11代目うたのお兄さん、横山だいすけは3月30日の放送をもって同番組を“卒業”することになり、12代目うたのお兄さんには花田ゆういちろうが就任する。

どことなく“オフロスキー”に似た顔立ち(?)のゆういちろうお兄さんは、だいすけお兄さんと同じ国立音楽大学(声楽専攻)を卒業。2017年1月に文学座附属演劇研究所を卒業。12月生まれで、現在27歳との情報がある。

これまでに舞台などへの出演経験があり、歌唱力はもちろんのこと、『おかあさんといっしょ』の番組やファミリーコンサートでは年々求められる演技力が高まっているが、そちらも期待できそうだ。

なお、3月30日の放送では、最後にだいすけお兄さん、ゆういちろうお兄さんがそろってスタジオに登場、交代のあいさつが見られる。4月3日からは新キャストでの放送となる。

先日、“ワンワン卒業説”をNHKが公式に否定し、ほっとしたのもつかの間、子ども、ならびに小さな子を持つ親にとってもつらい別れの春となりそうだ。


■エピソードで振り返る、だいすけお兄さん
うたのお兄さんとしては歴代最長記録を樹立しただいすけお兄さんであるが、改めてプロフィールをご紹介しよう。

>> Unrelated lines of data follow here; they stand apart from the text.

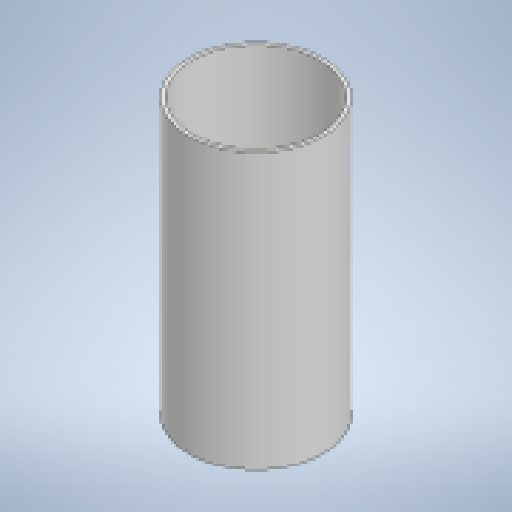
# Autodesk Inventor part: DSB 212 head tube
Saved by Autodesk Inventor 2025 (Build 290162010, 162A)
## iProperties
Created: 2024-12-09
Part Number: DSB 212 head tube
Material: Stainless Steel
Document SubType Name: Modeling
Designer: user
Mass: 1115.89 g
Surface Area: 1404.17 cm^2
Volume: 139.487 cm^3
Density: 8 g/cm^3
Sheet Metal Width: 0,000 mm
Sheet Metal Length: 0,000 mm
Sheet Metal Area: 0,000 mm^2
Appearance: Default
Octaeder_side: 55.919 mm
Octaeder_flange_lenth: 72.500 mm
Author: user
Autodesk Inventor part; units mm, degrees
ref_plane "YZ Plane" through (0, 0, 0) normal (1, 0, 0) x (0, 1, 0)
ref_plane "XZ Plane" through (0, 0, 0) normal (0, 1, 0) x (-1, 0, 0)
ref_plane "XY Plane" through (0, 0, 0) normal (0, 0, 1) x (1, 0, 0)
sketch "Sketch8" plane through (0, 0, 0) normal (0, 0, 1) x (1, 0, 0)
  circle A0 centre (0, 0) radius 38
  circle A1 centre (0, 0) radius 36
  dimension "d46" = 76
  dimension "d47" = 2
  constraints: 2 centre point, 1 coincident
  measures "d46" diameter of A0
  measures "d47" radial gap between concentric circles of A0 A1
extrude "Extrusion2" add sketch "Sketch8" against normal blind 157
equation "\"BendReliefWidth\" = Thickness"
equation "\"BendReliefDepth\" = 0.5 * Thickness"
equation "\"CornerReliefSize\" = 4 * Thickness"
equation "\"MinimumRemnant\" = 2 * Thickness"
equation "\"TransitionRadius\" = BendRadius"
equation "\"JacobiRadiusSize\" = BendRadius"
equation "\"GapSize\" = Thickness"
equation "\"Octaeder_side\" = d41"
equation "\"Octaeder_flange_lenth\" = d42"
equation "\"Thickness\" = 4"
equation "\"BendRadius\" = 6"
equation "\"d41\" = 55.918831"
equation "\"d42\" = 72.5"
body "Solid2"
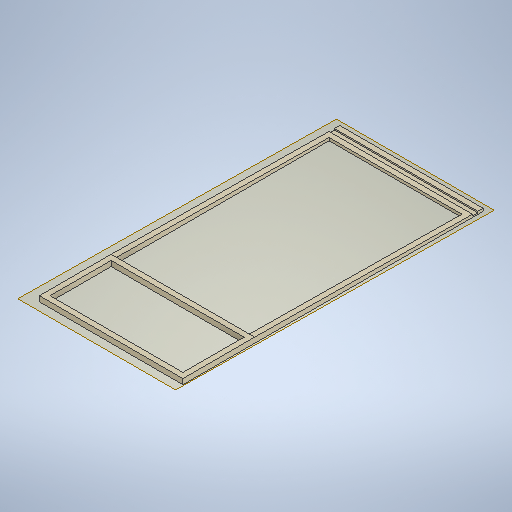
# Autodesk Inventor part: wing1.1
Saved by Autodesk Inventor 2025 (Build 290162000, 162)
## iProperties
Created: 2026-07-27
Part Number: wing1.1
Material: Generic
Document SubType Name: Modeling
Designer: DSTJOHN
Density: 1 g/cm^3
Appearance: Default
Author: DSTJOHN
Autodesk Inventor part; units mm, degrees
ref_plane "YZ Plane" through (0, 0, 0) normal (1, 0, 0) x (0, 1, 0)
ref_plane "XZ Plane" through (0, 0, 0) normal (0, 1, 0) x (-1, 0, 0)
ref_plane "XY Plane" through (0, 0, 0) normal (0, 0, 1) x (1, 0, 0)
sketch "Sketch1" plane through (0, 0, 0) normal (0, 1, 0) x (-1, 0, 0)
  line L0 (0, 0) -> (-50, 0)
  line L1 (-50, 0) -> (-50, -105)
  line L2 (-50, -105) -> (0, -105)
  line L3 (0, -105) -> (0, 0)
  line L4 (2, 2) -> (-52, 2)
  line L5 (-52, 2) -> (-52, -104)
  line L6 (2, -104) -> (2, 2)
  line L7 (2, -104) -> (2, -111)
  line L8 (2, -111) -> (-52, -111)
  line L9 (-52, -111) -> (-52, -102)
  dimension "d0" = 50
  dimension "d1" = 105
  dimension "d23" = 6
  dimension "d24" = 2
  constraints: 20 end point, 3 parallel, 3 perpendicular, 2 horizontal, 1 point on line, 1 vertical
  measures "d0" distance between parallel lines of L1 L3
  measures "d1" distance between parallel lines of L2 L0
  measures "d23" distance between parallel lines of L8 L2
  measures "d24" distance between parallel lines of L4 L0
extrude "Extrusion1" add sketch "Sketch1" along normal blind 2
ref_plane "Work Plane1" through (45, 2, -25) normal (0, 0.9999, -0.0117) x (-1, 0, 0)
sketch "Sketch3" plane through (45, 2, -25) normal (0, 0.9999, -0.0117) x (-1, 0, 0)
  line L0 (51, 33) -> (-14, 33)
  line L1 (-14, 33) -> (-14, -92)
  line L2 (-14, -92) -> (51, -92)
  line L3 (51, -92) -> (51, 33)
  point P0 (45, 24.9749)
  constraints: 8 end point, 2 parallel, 1 horizontal, 1 perpendicular
extrude "Extrusion3" cut sketch "Sketch3" along normal blind 2
sketch "Sketch7" plane through (45, 2, -25) normal (0, 0.9999, -0.0117) x (-1, 0, 0)
  line L0 (47, -86.0175) -> (47, 26.9748) projected
  line L1 (47, -82) -> (-7, -82)
  line L2 (-7, -82) -> (-7, -84)
  line L3 (-7, -84) -> (47, -84)
  line L4 (47, -84) -> (47, -82)
  point P0 (45, 24.9749)
  constraints: 8 end point, 2 parallel, 1 horizontal, 1 perpendicular, 1 point on line
extrude "Extrusion6" cut sketch "Sketch7" against normal blind 0.5
sketch "Sketch8" plane through (0, 0, 0) normal (0, -1, 0) x (1, 0, 0)
  line L0 (50, -25) -> (50, 0) construction
  line L1 (50, 0) -> (50, -105) construction
  line L2 (50, -105) -> (50, -25) construction
  line L3 (50, -25) -> (50, -105) projected
  line L4 (50, -25) -> (0, -25)
  line L5 (0, -25) -> (0, -23)
  line L6 (0, -23) -> (50, -23)
  line L7 (50, -23) -> (50, -25)
  point P0 (0, 0)
  constraints: 12 end point, 2 parallel, 1 horizontal, 1 perpendicular
extrude "Extrusion7" add sketch "Sketch8" against normal blind 2
body "Solid1"

・横山だいすけ(『おかあさんといっしょ』11代目うたのお兄さん)
1983年5月29日生まれ、千葉県出身。
「おたんじょうびの歌」では「♪5月生まれ」のタイミングで手を挙げているのでご存じの方も多いだろう。在任期間9年という長さは、7代目うたのお兄さん・坂田おさむを超え、歴代1位である。

幼少期から歌に興味を持ち、小学校時代に合唱団に入団。高校時代から「うたのお兄さん」にあこがれ、どうしたらなれるのかを考えていた努力家である。

国立音楽大学を卒業し、うたのおにいさんになれる足がかりになれば、と劇団四季に所属。「うたのお兄さんのオーディションがあったらしい」という話をきいて、ダメ元でNHKに電話したところ、一次オーディションの追加募集を知り、そこから這い上がったという強運の持ち主である。
横山だいすけ (11代目うたのお兄さん)|国立音楽大学
http://www.kunitachi.ac.jp/introduction/kunion_cafe/interview/50on/ya/yokoyamadaisuke.html

■かぞえてんぐフォーエバー
だいすけお兄さんのヒットキャラクターといえば、水曜日に登場する「かぞえてんぐ」であろう。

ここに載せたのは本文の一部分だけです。